He eases back into his chair, slowly turning his head toward me.
Yeah, he knows what I mean. The families: children and women, old ladies and bunnies alike. The people who have no say and no choice in what happens to their world.
“They chose the life as much as you did,” he says, low and level. “Don’t go thinkin’ they’re innocent in all of this.”
Maybe not. But they have limited control over the outcome.
“I know you want to think of yourself as a good man, Matthew.” He takes me by surprise by using my birth name. “But as long as you wear that patch, you never will be. The sooner you make peace with that, the easier your life will be.”

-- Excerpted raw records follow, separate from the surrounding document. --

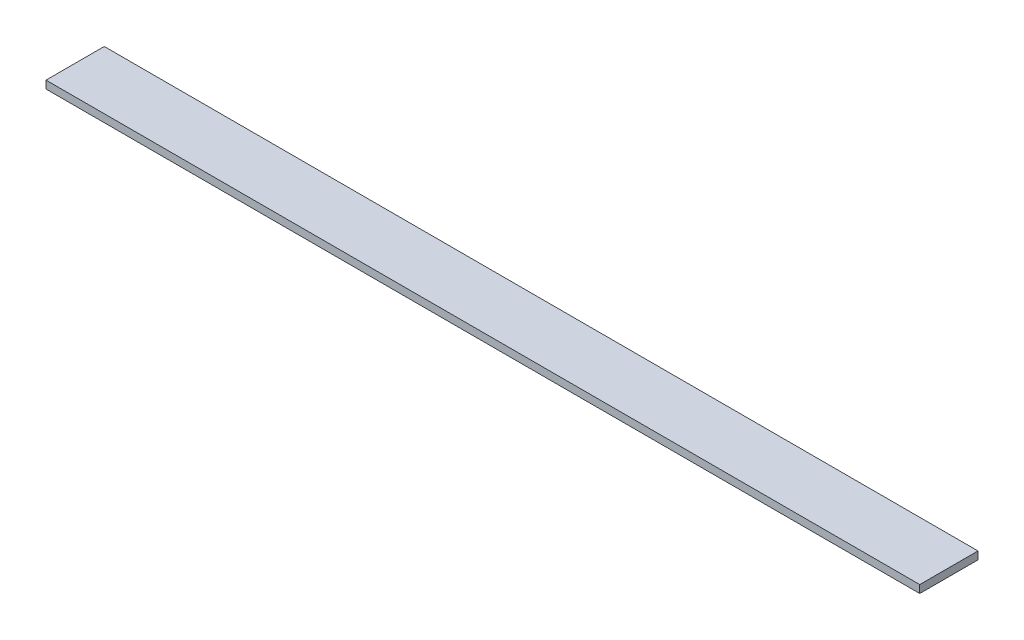
ISO-10303-21;
HEADER;
FILE_DESCRIPTION(('STEP AP214'),'2;1');
FILE_NAME('part.step','',(''),(''),'','','');
FILE_SCHEMA(('AUTOMOTIVE_DESIGN { 1 0 10303 214 1 1 1 1 }'));
ENDSEC;
DATA;
#1=APPLICATION_CONTEXT('core data for automotive mechanical design processes');
#2=APPLICATION_PROTOCOL_DEFINITION('international standard','automotive_design',2000,#1);
#3=PRODUCT_CONTEXT('',#1,'mechanical');
#4=PRODUCT('Part','Part','',(#3));
#5=PRODUCT_RELATED_PRODUCT_CATEGORY('part','',(#4));
#6=PRODUCT_DEFINITION_FORMATION('','',#4);
#7=PRODUCT_DEFINITION_CONTEXT('part definition',#1,'design');
#8=PRODUCT_DEFINITION('design','',#6,#7);
#9=PRODUCT_DEFINITION_SHAPE('','',#8);
#10=(LENGTH_UNIT() NAMED_UNIT(*) SI_UNIT(.MILLI.,.METRE.));
#11=(NAMED_UNIT(*) PLANE_ANGLE_UNIT() SI_UNIT($,.RADIAN.));
#12=(NAMED_UNIT(*) SI_UNIT($,.STERADIAN.) SOLID_ANGLE_UNIT());
#13=UNCERTAINTY_MEASURE_WITH_UNIT(LENGTH_MEASURE(1.E-05),#10,'distance_accuracy_value','');
#14=(GEOMETRIC_REPRESENTATION_CONTEXT(3) GLOBAL_UNCERTAINTY_ASSIGNED_CONTEXT((#13)) GLOBAL_UNIT_ASSIGNED_CONTEXT((#10,
#11,#12)) REPRESENTATION_CONTEXT('',''));
#15=CARTESIAN_POINT('',(0.,0.,0.));
#16=DIRECTION('',(0.,0.,1.));
#17=DIRECTION('',(1.,0.,0.));
#18=AXIS2_PLACEMENT_3D('',#15,#16,#17);
#19=CARTESIAN_POINT('',(225.,4.,15.));
#20=DIRECTION('',(-1.,0.,0.));
#21=DIRECTION('',(0.,0.,1.));
#22=AXIS2_PLACEMENT_3D('',#19,#20,#21);
#23=PLANE('',#22);
#24=DIRECTION('',(0.,0.,-1.));
#25=VECTOR('',#24,1.);
#26=CARTESIAN_POINT('',(225.,0.,15.));
#27=LINE('',#26,#25);
#28=CARTESIAN_POINT('',(225.,0.,15.));
#29=VERTEX_POINT('',#28);
#30=CARTESIAN_POINT('',(225.,0.,-15.));
#31=VERTEX_POINT('',#30);
#32=EDGE_CURVE('E80',#29,#31,#27,.T.);
#33=ORIENTED_EDGE('',*,*,#32,.T.);
#34=DIRECTION('',(0.,-1.,0.));
#35=VECTOR('',#34,1.);
#36=CARTESIAN_POINT('',(225.,4.,-15.));
#37=LINE('',#36,#35);
#38=CARTESIAN_POINT('',(225.,4.,-15.));
#39=VERTEX_POINT('',#38);
#40=EDGE_CURVE('E11',#39,#31,#37,.T.);
#41=ORIENTED_EDGE('',*,*,#40,.F.);
#42=DIRECTION('',(0.,0.,-1.));
#43=VECTOR('',#42,1.);
#44=CARTESIAN_POINT('',(225.,4.,15.));
#45=LINE('',#44,#43);
#46=CARTESIAN_POINT('',(225.,4.,15.));
#47=VERTEX_POINT('',#46);
#48=EDGE_CURVE('E68',#47,#39,#45,.T.);
#49=ORIENTED_EDGE('',*,*,#48,.F.);
#50=DIRECTION('',(0.,-1.,0.));
#51=VECTOR('',#50,1.);
#52=CARTESIAN_POINT('',(225.,4.,15.));
#53=LINE('',#52,#51);
#54=EDGE_CURVE('E76',#47,#29,#53,.T.);
#55=ORIENTED_EDGE('',*,*,#54,.T.);
#56=EDGE_LOOP('',(#33,#41,#49,#55));
#57=FACE_BOUND('',#56,.T.);
#58=ADVANCED_FACE('F17',(#57),#23,.F.);
#59=CARTESIAN_POINT('',(-225.,4.,-15.));
#60=DIRECTION('',(0.,0.,1.));
#61=DIRECTION('',(1.,0.,0.));
#62=AXIS2_PLACEMENT_3D('',#59,#60,#61);
#63=PLANE('',#62);
#64=DIRECTION('',(-1.,0.,0.));
#65=VECTOR('',#64,1.);
#66=CARTESIAN_POINT('',(-225.,0.,-15.));
#67=LINE('',#66,#65);
#68=CARTESIAN_POINT('',(-225.,0.,-15.));
#69=VERTEX_POINT('',#68);
#70=EDGE_CURVE('E72',#31,#69,#67,.T.);
#71=ORIENTED_EDGE('',*,*,#70,.T.);
#72=DIRECTION('',(0.,-1.,0.));
#73=VECTOR('',#72,1.);
#74=CARTESIAN_POINT('',(-225.,4.,-15.));
#75=LINE('',#74,#73);
#76=CARTESIAN_POINT('',(-225.,4.,-15.));
#77=VERTEX_POINT('',#76);
#78=EDGE_CURVE('E25',#77,#69,#75,.T.);
#79=ORIENTED_EDGE('',*,*,#78,.F.);
#80=DIRECTION('',(-1.,0.,0.));
#81=VECTOR('',#80,1.);
#82=CARTESIAN_POINT('',(-225.,4.,-15.));
#83=LINE('',#82,#81);
#84=EDGE_CURVE('E63',#39,#77,#83,.T.);
#85=ORIENTED_EDGE('',*,*,#84,.F.);
#86=ORIENTED_EDGE('',*,*,#40,.T.);
#87=EDGE_LOOP('',(#71,#79,#85,#86));
#88=FACE_BOUND('',#87,.T.);
#89=ADVANCED_FACE('F71',(#88),#63,.F.);
#90=CARTESIAN_POINT('',(-225.,4.,15.));
#91=DIRECTION('',(1.,0.,0.));
#92=DIRECTION('',(0.,0.,-1.));
#93=AXIS2_PLACEMENT_3D('',#90,#91,#92);
#94=PLANE('',#93);
#95=DIRECTION('',(0.,0.,1.));
#96=VECTOR('',#95,1.);
#97=CARTESIAN_POINT('',(-225.,0.,15.));
#98=LINE('',#97,#96);
#99=CARTESIAN_POINT('',(-225.,0.,15.));
#100=VERTEX_POINT('',#99);
#101=EDGE_CURVE('E50',#69,#100,#98,.T.);
#102=ORIENTED_EDGE('',*,*,#101,.T.);
#103=DIRECTION('',(0.,-1.,0.));
#104=VECTOR('',#103,1.);
#105=CARTESIAN_POINT('',(-225.,4.,15.));
#106=LINE('',#105,#104);
#107=CARTESIAN_POINT('',(-225.,4.,15.));
#108=VERTEX_POINT('',#107);
#109=EDGE_CURVE('E73',#108,#100,#106,.T.);
#110=ORIENTED_EDGE('',*,*,#109,.F.);
#111=DIRECTION('',(0.,0.,1.));
#112=VECTOR('',#111,1.);
#113=CARTESIAN_POINT('',(-225.,4.,15.));
#114=LINE('',#113,#112);
#115=EDGE_CURVE('E66',#77,#108,#114,.T.);
#116=ORIENTED_EDGE('',*,*,#115,.F.);
#117=ORIENTED_EDGE('',*,*,#78,.T.);
#118=EDGE_LOOP('',(#102,#110,#116,#117));
#119=FACE_BOUND('',#118,.T.);
#120=ADVANCED_FACE('F74',(#119),#94,.F.);
#121=CARTESIAN_POINT('',(-225.,4.,15.));
#122=DIRECTION('',(0.,0.,-1.));
#123=DIRECTION('',(-1.,0.,0.));
#124=AXIS2_PLACEMENT_3D('',#121,#122,#123);
#125=PLANE('',#124);
#126=DIRECTION('',(1.,0.,0.));
#127=VECTOR('',#126,1.);
#128=CARTESIAN_POINT('',(-225.,0.,15.));
#129=LINE('',#128,#127);
#130=EDGE_CURVE('E56',#100,#29,#129,.T.);
#131=ORIENTED_EDGE('',*,*,#130,.T.);
#132=ORIENTED_EDGE('',*,*,#54,.F.);
#133=DIRECTION('',(1.,0.,0.));
#134=VECTOR('',#133,1.);
#135=CARTESIAN_POINT('',(-225.,4.,15.));
#136=LINE('',#135,#134);
#137=EDGE_CURVE('E33',#108,#47,#136,.T.);
#138=ORIENTED_EDGE('',*,*,#137,.F.);
#139=ORIENTED_EDGE('',*,*,#109,.T.);
#140=EDGE_LOOP('',(#131,#132,#138,#139));
#141=FACE_BOUND('',#140,.T.);
#142=ADVANCED_FACE('F87',(#141),#125,.F.);
#143=CARTESIAN_POINT('',(0.,4.,0.));
#144=DIRECTION('',(0.,-1.,0.));
#145=DIRECTION('',(0.,0.,-1.));
#146=AXIS2_PLACEMENT_3D('',#143,#144,#145);
#147=PLANE('',#146);
#148=ORIENTED_EDGE('',*,*,#48,.T.);
#149=ORIENTED_EDGE('',*,*,#84,.T.);
#150=ORIENTED_EDGE('',*,*,#115,.T.);
#151=ORIENTED_EDGE('',*,*,#137,.T.);
#152=EDGE_LOOP('',(#148,#149,#150,#151));
#153=FACE_BOUND('',#152,.T.);
#154=ADVANCED_FACE('F64',(#153),#147,.F.);
#155=CARTESIAN_POINT('',(0.,0.,0.));
#156=DIRECTION('',(0.,-1.,0.));
#157=DIRECTION('',(0.,0.,-1.));
#158=AXIS2_PLACEMENT_3D('',#155,#156,#157);
#159=PLANE('',#158);
#160=ORIENTED_EDGE('',*,*,#32,.F.);
#161=ORIENTED_EDGE('',*,*,#130,.F.);
#162=ORIENTED_EDGE('',*,*,#101,.F.);
#163=ORIENTED_EDGE('',*,*,#70,.F.);
#164=EDGE_LOOP('',(#160,#161,#162,#163));
#165=FACE_BOUND('',#164,.T.);
#166=ADVANCED_FACE('F90',(#165),#159,.T.);
#167=CLOSED_SHELL('',(#58,#89,#120,#142,#154,#166));
#168=MANIFOLD_SOLID_BREP('B1',#167);
#169=ADVANCED_BREP_SHAPE_REPRESENTATION('',(#18,#168),#14);
#170=SHAPE_DEFINITION_REPRESENTATION(#9,#169);
ENDSEC;
END-ISO-10303-21;

Easier? Or like his? Alone. Bitter.
“Thanks for the chat.” I rise and toss the empty can in the trash and then put the chair away. “When did you last go see the doc to get your health checked?”
He laughs, sending himself into another coughing fit. “Don’t need some overpaid quack to tell me what I already know.”
That he sits in this garage day after day, quietly killing himself with cigarettes and booze. And he knows it.
He wants it.
I swallow away the lump in my throat and give him a tight nod as farewell, knowing one of these days it’ll be the last time I do, and I won’t even know it. He watches me with those tired eyes, a hint of sadness behind the tight lines when I don my helmet and get on my ride.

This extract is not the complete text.